Instructions to follow:
Would you please return the lines of the entries below starting at the line that has "#169=ORIENTED_EDGE('',*,*,#168,.F.);" and ending at the line that has "#212=DIRECTION('',(0.,0.,-1.));", both included, exactly as they are?

Stored entries

══════════════════════════════

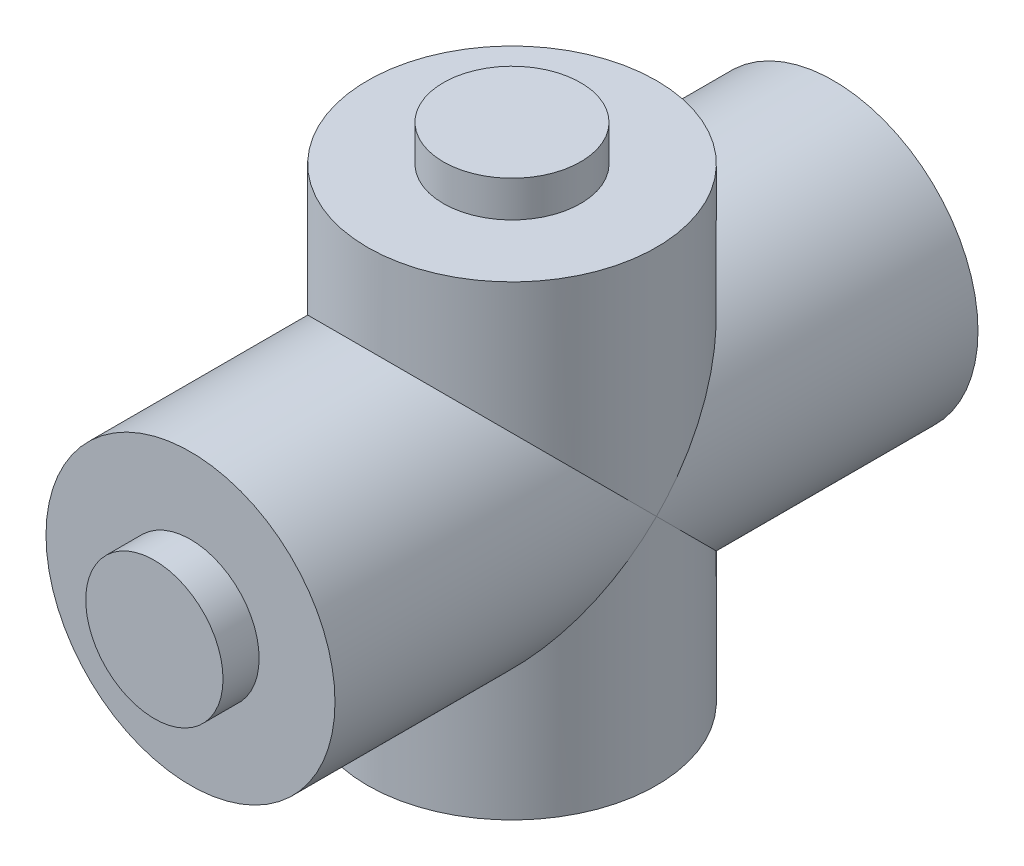
ISO-10303-21;
HEADER;
FILE_DESCRIPTION(('STEP AP214'),'2;1');
FILE_NAME('part.step','',(''),(''),'','','');
FILE_SCHEMA(('AUTOMOTIVE_DESIGN { 1 0 10303 214 1 1 1 1 }'));
ENDSEC;
DATA;
#1=APPLICATION_CONTEXT('core data for automotive mechanical design processes');
#2=APPLICATION_PROTOCOL_DEFINITION('international standard','automotive_design',2000,#1);
#3=PRODUCT_CONTEXT('',#1,'mechanical');
#4=PRODUCT('Part','Part','',(#3));
#5=PRODUCT_RELATED_PRODUCT_CATEGORY('part','',(#4));
#6=PRODUCT_DEFINITION_FORMATION('','',#4);
#7=PRODUCT_DEFINITION_CONTEXT('part definition',#1,'design');
#8=PRODUCT_DEFINITION('design','',#6,#7);
#9=PRODUCT_DEFINITION_SHAPE('','',#8);
#10=(LENGTH_UNIT() NAMED_UNIT(*) SI_UNIT(.MILLI.,.METRE.));
#11=(NAMED_UNIT(*) PLANE_ANGLE_UNIT() SI_UNIT($,.RADIAN.));
#12=(NAMED_UNIT(*) SI_UNIT($,.STERADIAN.) SOLID_ANGLE_UNIT());
#13=UNCERTAINTY_MEASURE_WITH_UNIT(LENGTH_MEASURE(1.E-05),#10,'distance_accuracy_value','');
#14=(GEOMETRIC_REPRESENTATION_CONTEXT(3) GLOBAL_UNCERTAINTY_ASSIGNED_CONTEXT((#13)) GLOBAL_UNIT_ASSIGNED_CONTEXT((#10,
#11,#12)) REPRESENTATION_CONTEXT('',''));
#15=CARTESIAN_POINT('',(0.,0.,0.));
#16=DIRECTION('',(0.,0.,1.));
#17=DIRECTION('',(1.,0.,0.));
#18=AXIS2_PLACEMENT_3D('',#15,#16,#17);
#19=CARTESIAN_POINT('',(0.,0.,17.8));
#20=DIRECTION('',(0.,0.,-1.));
#21=DIRECTION('',(-1.,0.,0.));
#22=AXIS2_PLACEMENT_3D('',#19,#20,#21);
#23=CYLINDRICAL_SURFACE('',#22,4.);
#24=CARTESIAN_POINT('',(0.,0.,8.9));
#25=DIRECTION('',(0.,-0.707106781186547,-0.707106781186548));
#26=DIRECTION('',(0.,0.707106781186547,-0.707106781186548));
#27=AXIS2_PLACEMENT_3D('',#24,#25,#26);
#28=ELLIPSE('',#27,5.65685424949238,4.);
#29=CARTESIAN_POINT('',(-4.,0.,8.9));
#30=VERTEX_POINT('',#29);
#31=CARTESIAN_POINT('',(4.,0.,8.9));
#32=VERTEX_POINT('',#31);
#33=EDGE_CURVE('E61',#30,#32,#28,.T.);
#34=ORIENTED_EDGE('',*,*,#33,.T.);
#35=CARTESIAN_POINT('',(0.,0.,8.9));
#36=DIRECTION('',(0.,0.707106781186547,-0.707106781186548));
#37=DIRECTION('',(0.,-0.707106781186547,-0.707106781186548));
#38=AXIS2_PLACEMENT_3D('',#35,#36,#37);
#39=ELLIPSE('',#38,5.65685424949238,4.);
#40=EDGE_CURVE('E66',#32,#30,#39,.T.);
#41=ORIENTED_EDGE('',*,*,#40,.T.);
#42=EDGE_LOOP('',(#34,#41));
#43=FACE_BOUND('',#42,.T.);
#44=CARTESIAN_POINT('',(0.,0.,0.));
#45=DIRECTION('',(0.,0.,1.));
#46=DIRECTION('',(1.,0.,0.));
#47=AXIS2_PLACEMENT_3D('',#44,#45,#46);
#48=CIRCLE('',#47,4.);
#49=CARTESIAN_POINT('',(4.,0.,0.));
#50=VERTEX_POINT('',#49);
#51=EDGE_CURVE('E78',#50,#50,#48,.T.);
#52=ORIENTED_EDGE('',*,*,#51,.T.);
#53=EDGE_LOOP('',(#52));
#54=FACE_BOUND('',#53,.T.);
#55=ADVANCED_FACE('F39',(#43,#54),#23,.T.);
#56=CARTESIAN_POINT('',(0.,0.,0.));
#57=DIRECTION('',(0.,0.,1.));
#58=DIRECTION('',(1.,0.,0.));
#59=AXIS2_PLACEMENT_3D('',#56,#57,#58);
#60=PLANE('',#59);
#61=CARTESIAN_POINT('',(0.,0.,0.));
#62=DIRECTION('',(0.,0.,-1.));
#63=DIRECTION('',(-1.,0.,0.));
#64=AXIS2_PLACEMENT_3D('',#61,#62,#63);
#65=CIRCLE('',#64,1.9);
#66=CARTESIAN_POINT('',(-1.9,0.,0.));
#67=VERTEX_POINT('',#66);
#68=EDGE_CURVE('E71',#67,#67,#65,.T.);
#69=ORIENTED_EDGE('',*,*,#68,.F.);
#70=EDGE_LOOP('',(#69));
#71=FACE_BOUND('',#70,.T.);
#72=ORIENTED_EDGE('',*,*,#51,.F.);
#73=EDGE_LOOP('',(#72));
#74=FACE_BOUND('',#73,.T.);
#75=ADVANCED_FACE('F147',(#71,#74),#60,.F.);
#76=CARTESIAN_POINT('',(0.,0.,-1.));
#77=DIRECTION('',(0.,0.,1.));
#78=DIRECTION('',(1.,0.,0.));
#79=AXIS2_PLACEMENT_3D('',#76,#77,#78);
#80=CYLINDRICAL_SURFACE('',#79,1.9);
#81=CARTESIAN_POINT('',(0.,0.,-1.));
#82=DIRECTION('',(0.,0.,-1.));
#83=DIRECTION('',(-1.,0.,0.));
#84=AXIS2_PLACEMENT_3D('',#81,#82,#83);
#85=CIRCLE('',#84,1.9);
#86=CARTESIAN_POINT('',(-1.9,0.,-1.));
#87=VERTEX_POINT('',#86);
#88=EDGE_CURVE('E94',#87,#87,#85,.T.);
#89=ORIENTED_EDGE('',*,*,#88,.F.);
#90=EDGE_LOOP('',(#89));
#91=FACE_BOUND('',#90,.T.);
#92=ORIENTED_EDGE('',*,*,#68,.T.);
#93=EDGE_LOOP('',(#92));
#94=FACE_BOUND('',#93,.T.);
#95=ADVANCED_FACE('F151',(#91,#94),#80,.T.);
#96=CARTESIAN_POINT('',(0.,0.,-1.));
#97=DIRECTION('',(0.,0.,-1.));
#98=DIRECTION('',(-1.,0.,0.));
#99=AXIS2_PLACEMENT_3D('',#96,#97,#98);
#100=PLANE('',#99);
#101=ORIENTED_EDGE('',*,*,#88,.T.);
#102=EDGE_LOOP('',(#101));
#103=FACE_BOUND('',#102,.T.);
#104=ADVANCED_FACE('F179',(#103),#100,.T.);
#105=CARTESIAN_POINT('',(0.,-6.45,8.9));
#106=DIRECTION('',(0.,1.,0.));
#107=DIRECTION('',(0.,0.,1.));
#108=AXIS2_PLACEMENT_3D('',#105,#106,#107);
#109=PLANE('',#108);
#110=CARTESIAN_POINT('',(0.,-6.45,8.9));
#111=DIRECTION('',(0.,-1.,0.));
#112=DIRECTION('',(0.,0.,-1.));
#113=AXIS2_PLACEMENT_3D('',#110,#111,#112);
#114=CIRCLE('',#113,1.9);
#115=CARTESIAN_POINT('',(0.,-6.45,7.));
#116=VERTEX_POINT('',#115);
#117=EDGE_CURVE('E48',#116,#116,#114,.T.);
#118=ORIENTED_EDGE('',*,*,#117,.F.);
#119=EDGE_LOOP('',(#118));
#120=FACE_BOUND('',#119,.T.);
#121=CARTESIAN_POINT('',(0.,-6.45,8.9));
#122=DIRECTION('',(0.,1.,0.));
#123=DIRECTION('',(0.,0.,1.));
#124=AXIS2_PLACEMENT_3D('',#121,#122,#123);
#125=CIRCLE('',#124,4.);
#126=CARTESIAN_POINT('',(0.,-6.45,12.9));
#127=VERTEX_POINT('',#126);
#128=EDGE_CURVE('E101',#127,#127,#125,.T.);
#129=ORIENTED_EDGE('',*,*,#128,.F.);
#130=EDGE_LOOP('',(#129));
#131=FACE_BOUND('',#130,.T.);
#132=ADVANCED_FACE('F142',(#120,#131),#109,.F.);
#133=CARTESIAN_POINT('',(0.,-6.45,8.9));
#134=DIRECTION('',(0.,1.,0.));
#135=DIRECTION('',(0.,0.,1.));
#136=AXIS2_PLACEMENT_3D('',#133,#134,#135);
#137=CYLINDRICAL_SURFACE('',#136,4.);
#138=ORIENTED_EDGE('',*,*,#128,.T.);
#139=EDGE_LOOP('',(#138));
#140=FACE_BOUND('',#139,.T.);
#141=ORIENTED_EDGE('',*,*,#40,.F.);
#142=CARTESIAN_POINT('',(0.,0.,8.9));
#143=DIRECTION('',(0.,-0.707106781186547,-0.707106781186548));
#144=DIRECTION('',(0.,0.707106781186547,-0.707106781186548));
#145=AXIS2_PLACEMENT_3D('',#142,#143,#144);
#146=ELLIPSE('',#145,5.65685424949238,4.);
#147=EDGE_CURVE('E55',#30,#32,#146,.F.);
#148=ORIENTED_EDGE('',*,*,#147,.F.);
#149=EDGE_LOOP('',(#141,#148));
#150=FACE_BOUND('',#149,.T.);
#151=ADVANCED_FACE('F69',(#140,#150),#137,.T.);
#152=CARTESIAN_POINT('',(0.,6.45,8.9));
#153=DIRECTION('',(0.,1.,0.));
#154=DIRECTION('',(0.,0.,1.));
#155=AXIS2_PLACEMENT_3D('',#152,#153,#154);
#156=CIRCLE('',#155,4.);
#157=CARTESIAN_POINT('',(0.,6.45,12.9));
#158=VERTEX_POINT('',#157);
#159=EDGE_CURVE('E105',#158,#158,#156,.T.);
#160=ORIENTED_EDGE('',*,*,#159,.F.);
#161=EDGE_LOOP('',(#160));
#162=FACE_BOUND('',#161,.T.);
#163=CARTESIAN_POINT('',(0.,0.,8.9));
#164=DIRECTION('',(0.,0.707106781186547,-0.707106781186548));
#165=DIRECTION('',(0.,-0.707106781186547,-0.707106781186548));
#166=AXIS2_PLACEMENT_3D('',#163,#164,#165);
#167=ELLIPSE('',#166,5.65685424949238,4.);
#168=EDGE_CURVE('E42',#32,#30,#167,.F.);
#169=ORIENTED_EDGE('',*,*,#168,.F.);
#170=ORIENTED_EDGE('',*,*,#33,.F.);
#171=EDGE_LOOP('',(#169,#170));
#172=FACE_BOUND('',#171,.T.);
#173=ADVANCED_FACE('F62',(#162,#172),#137,.T.);
#174=CARTESIAN_POINT('',(0.,6.45,8.9));
#175=DIRECTION('',(0.,1.,0.));
#176=DIRECTION('',(0.,0.,1.));
#177=AXIS2_PLACEMENT_3D('',#174,#175,#176);
#178=PLANE('',#177);
#179=CARTESIAN_POINT('',(0.,6.45,8.9));
#180=DIRECTION('',(0.,1.,0.));
#181=DIRECTION('',(0.,0.,1.));
#182=AXIS2_PLACEMENT_3D('',#179,#180,#181);
#183=CIRCLE('',#182,1.9);
#184=CARTESIAN_POINT('',(0.,6.45,10.8));
#185=VERTEX_POINT('',#184);
#186=EDGE_CURVE('E11',#185,#185,#183,.T.);
#187=ORIENTED_EDGE('',*,*,#186,.F.);
#188=EDGE_LOOP('',(#187));
#189=FACE_BOUND('',#188,.T.);
#190=ORIENTED_EDGE('',*,*,#159,.T.);
#191=EDGE_LOOP('',(#190));
#192=FACE_BOUND('',#191,.T.);
#193=ADVANCED_FACE('F130',(#189,#192),#178,.T.);
#194=CARTESIAN_POINT('',(0.,0.,18.8));
#195=DIRECTION('',(0.,0.,1.));
#196=DIRECTION('',(1.,0.,0.));
#197=AXIS2_PLACEMENT_3D('',#194,#195,#196);
#198=PLANE('',#197);
#199=CARTESIAN_POINT('',(0.,0.,18.8));
#200=DIRECTION('',(0.,0.,1.));
#201=DIRECTION('',(1.,0.,0.));
#202=AXIS2_PLACEMENT_3D('',#199,#200,#201);
#203=CIRCLE('',#202,1.9);
#204=CARTESIAN_POINT('',(1.9,0.,18.8));
#205=VERTEX_POINT('',#204);
#206=EDGE_CURVE('E83',#205,#205,#203,.T.);
#207=ORIENTED_EDGE('',*,*,#206,.T.);
#208=EDGE_LOOP('',(#207));
#209=FACE_BOUND('',#208,.T.);
#210=ADVANCED_FACE('F133',(#209),#198,.T.);
#211=CARTESIAN_POINT('',(0.,0.,18.8));
#212=DIRECTION('',(0.,0.,-1.));
#213=DIRECTION('',(-1.,0.,0.));
#214=AXIS2_PLACEMENT_3D('',#211,#212,#213);
#215=CYLINDRICAL_SURFACE('',#214,1.9);
#216=ORIENTED_EDGE('',*,*,#206,.F.);
#217=EDGE_LOOP('',(#216));
#218=FACE_BOUND('',#217,.T.);
#219=CARTESIAN_POINT('',(0.,0.,17.8));
#220=DIRECTION('',(0.,0.,1.));
#221=DIRECTION('',(1.,0.,0.));
#222=AXIS2_PLACEMENT_3D('',#219,#220,#221);
#223=CIRCLE('',#222,1.9);
#224=CARTESIAN_POINT('',(1.9,0.,17.8));
#225=VERTEX_POINT('',#224);
#226=EDGE_CURVE('E87',#225,#225,#223,.T.);
#227=ORIENTED_EDGE('',*,*,#226,.T.);
#228=EDGE_LOOP('',(#227));
#229=FACE_BOUND('',#228,.T.);
#230=ADVANCED_FACE('F163',(#218,#229),#215,.T.);
#231=CARTESIAN_POINT('',(0.,0.,17.8));
#232=DIRECTION('',(0.,0.,1.));
#233=DIRECTION('',(1.,0.,0.));
#234=AXIS2_PLACEMENT_3D('',#231,#232,#233);
#235=PLANE('',#234);
#236=ORIENTED_EDGE('',*,*,#226,.F.);
#237=EDGE_LOOP('',(#236));
#238=FACE_BOUND('',#237,.T.);
#239=CARTESIAN_POINT('',(0.,0.,17.8));
#240=DIRECTION('',(0.,0.,1.));
#241=DIRECTION('',(1.,0.,0.));
#242=AXIS2_PLACEMENT_3D('',#239,#240,#241);
#243=CIRCLE('',#242,4.);
#244=CARTESIAN_POINT('',(4.,0.,17.8));
#245=VERTEX_POINT('',#244);
#246=EDGE_CURVE('E82',#245,#245,#243,.T.);
#247=ORIENTED_EDGE('',*,*,#246,.T.);
#248=EDGE_LOOP('',(#247));
#249=FACE_BOUND('',#248,.T.);
#250=ADVANCED_FACE('F155',(#238,#249),#235,.T.);
#251=ORIENTED_EDGE('',*,*,#246,.F.);
#252=EDGE_LOOP('',(#251));
#253=FACE_BOUND('',#252,.T.);
#254=ORIENTED_EDGE('',*,*,#147,.T.);
#255=ORIENTED_EDGE('',*,*,#168,.T.);
#256=EDGE_LOOP('',(#254,#255));
#257=FACE_BOUND('',#256,.T.);
#258=ADVANCED_FACE('F73',(#253,#257),#23,.T.);
#259=CARTESIAN_POINT('',(0.,-7.45,8.9));
#260=DIRECTION('',(0.,1.,0.));
#261=DIRECTION('',(0.,0.,1.));
#262=AXIS2_PLACEMENT_3D('',#259,#260,#261);
#263=CYLINDRICAL_SURFACE('',#262,1.9);
#264=CARTESIAN_POINT('',(0.,-7.45,8.9));
#265=DIRECTION('',(0.,-1.,0.));
#266=DIRECTION('',(0.,0.,-1.));
#267=AXIS2_PLACEMENT_3D('',#264,#265,#266);
#268=CIRCLE('',#267,1.9);
#269=CARTESIAN_POINT('',(0.,-7.45,7.));
#270=VERTEX_POINT('',#269);
#271=EDGE_CURVE('E109',#270,#270,#268,.T.);
#272=ORIENTED_EDGE('',*,*,#271,.F.);
#273=EDGE_LOOP('',(#272));
#274=FACE_BOUND('',#273,.T.);
#275=ORIENTED_EDGE('',*,*,#117,.T.);
#276=EDGE_LOOP('',(#275));
#277=FACE_BOUND('',#276,.T.);
#278=ADVANCED_FACE('F154',(#274,#277),#263,.T.);
#279=CARTESIAN_POINT('',(0.,-7.45,8.9));
#280=DIRECTION('',(0.,-1.,0.));
#281=DIRECTION('',(0.,0.,-1.));
#282=AXIS2_PLACEMENT_3D('',#279,#280,#281);
#283=PLANE('',#282);
#284=ORIENTED_EDGE('',*,*,#271,.T.);
#285=EDGE_LOOP('',(#284));
#286=FACE_BOUND('',#285,.T.);
#287=ADVANCED_FACE('F126',(#286),#283,.T.);
#288=CARTESIAN_POINT('',(0.,7.45,8.9));
#289=DIRECTION('',(0.,-1.,0.));
#290=DIRECTION('',(0.,0.,-1.));
#291=AXIS2_PLACEMENT_3D('',#288,#289,#290);
#292=CYLINDRICAL_SURFACE('',#291,1.9);
#293=CARTESIAN_POINT('',(0.,7.45,8.9));
#294=DIRECTION('',(0.,1.,0.));
#295=DIRECTION('',(0.,0.,1.));
#296=AXIS2_PLACEMENT_3D('',#293,#294,#295);
#297=CIRCLE('',#296,1.9);
#298=CARTESIAN_POINT('',(0.,7.45,10.8));
#299=VERTEX_POINT('',#298);
#300=EDGE_CURVE('E115',#299,#299,#297,.T.);
#301=ORIENTED_EDGE('',*,*,#300,.F.);
#302=EDGE_LOOP('',(#301));
#303=FACE_BOUND('',#302,.T.);
#304=ORIENTED_EDGE('',*,*,#186,.T.);
#305=EDGE_LOOP('',(#304));
#306=FACE_BOUND('',#305,.T.);
#307=ADVANCED_FACE('F123',(#303,#306),#292,.T.);
#308=CARTESIAN_POINT('',(0.,7.45,8.9));
#309=DIRECTION('',(0.,1.,0.));
#310=DIRECTION('',(0.,0.,1.));
#311=AXIS2_PLACEMENT_3D('',#308,#309,#310);
#312=PLANE('',#311);
#313=ORIENTED_EDGE('',*,*,#300,.T.);
#314=EDGE_LOOP('',(#313));
#315=FACE_BOUND('',#314,.T.);
#316=ADVANCED_FACE('F121',(#315),#312,.T.);
#317=CLOSED_SHELL('',(#55,#75,#95,#104,#132,#151,#173,#193,#210,#230,#250,#258,#278,#287,#307,#316));
#318=MANIFOLD_SOLID_BREP('B2',#317);
#319=ADVANCED_BREP_SHAPE_REPRESENTATION('',(#18,#318),#14);
#320=SHAPE_DEFINITION_REPRESENTATION(#9,#319);
ENDSEC;
END-ISO-10303-21;

══════════════════════════════

Exercise output:
#169=ORIENTED_EDGE('',*,*,#168,.F.);
#170=ORIENTED_EDGE('',*,*,#33,.F.);
#171=EDGE_LOOP('',(#169,#170));
#172=FACE_BOUND('',#171,.T.);
#173=ADVANCED_FACE('F62',(#162,#172),#137,.T.);
#174=CARTESIAN_POINT('',(0.,6.45,8.9));
#175=DIRECTION('',(0.,1.,0.));
#176=DIRECTION('',(0.,0.,1.));
#177=AXIS2_PLACEMENT_3D('',#174,#175,#176);
#178=PLANE('',#177);
#179=CARTESIAN_POINT('',(0.,6.45,8.9));
#180=DIRECTION('',(0.,1.,0.));
#181=DIRECTION('',(0.,0.,1.));
#182=AXIS2_PLACEMENT_3D('',#179,#180,#181);
#183=CIRCLE('',#182,1.9);
#184=CARTESIAN_POINT('',(0.,6.45,10.8));
#185=VERTEX_POINT('',#184);
#186=EDGE_CURVE('E11',#185,#185,#183,.T.);
#187=ORIENTED_EDGE('',*,*,#186,.F.);
#188=EDGE_LOOP('',(#187));
#189=FACE_BOUND('',#188,.T.);
#190=ORIENTED_EDGE('',*,*,#159,.T.);
#191=EDGE_LOOP('',(#190));
#192=FACE_BOUND('',#191,.T.);
#193=ADVANCED_FACE('F130',(#189,#192),#178,.T.);
#194=CARTESIAN_POINT('',(0.,0.,18.8));
#195=DIRECTION('',(0.,0.,1.));
#196=DIRECTION('',(1.,0.,0.));
#197=AXIS2_PLACEMENT_3D('',#194,#195,#196);
#198=PLANE('',#197);
#199=CARTESIAN_POINT('',(0.,0.,18.8));
#200=DIRECTION('',(0.,0.,1.));
#201=DIRECTION('',(1.,0.,0.));
#202=AXIS2_PLACEMENT_3D('',#199,#200,#201);
#203=CIRCLE('',#202,1.9);
#204=CARTESIAN_POINT('',(1.9,0.,18.8));
#205=VERTEX_POINT('',#204);
#206=EDGE_CURVE('E83',#205,#205,#203,.T.);
#207=ORIENTED_EDGE('',*,*,#206,.T.);
#208=EDGE_LOOP('',(#207));
#209=FACE_BOUND('',#208,.T.);
#210=ADVANCED_FACE('F133',(#209),#198,.T.);
#211=CARTESIAN_POINT('',(0.,0.,18.8));
#212=DIRECTION('',(0.,0.,-1.));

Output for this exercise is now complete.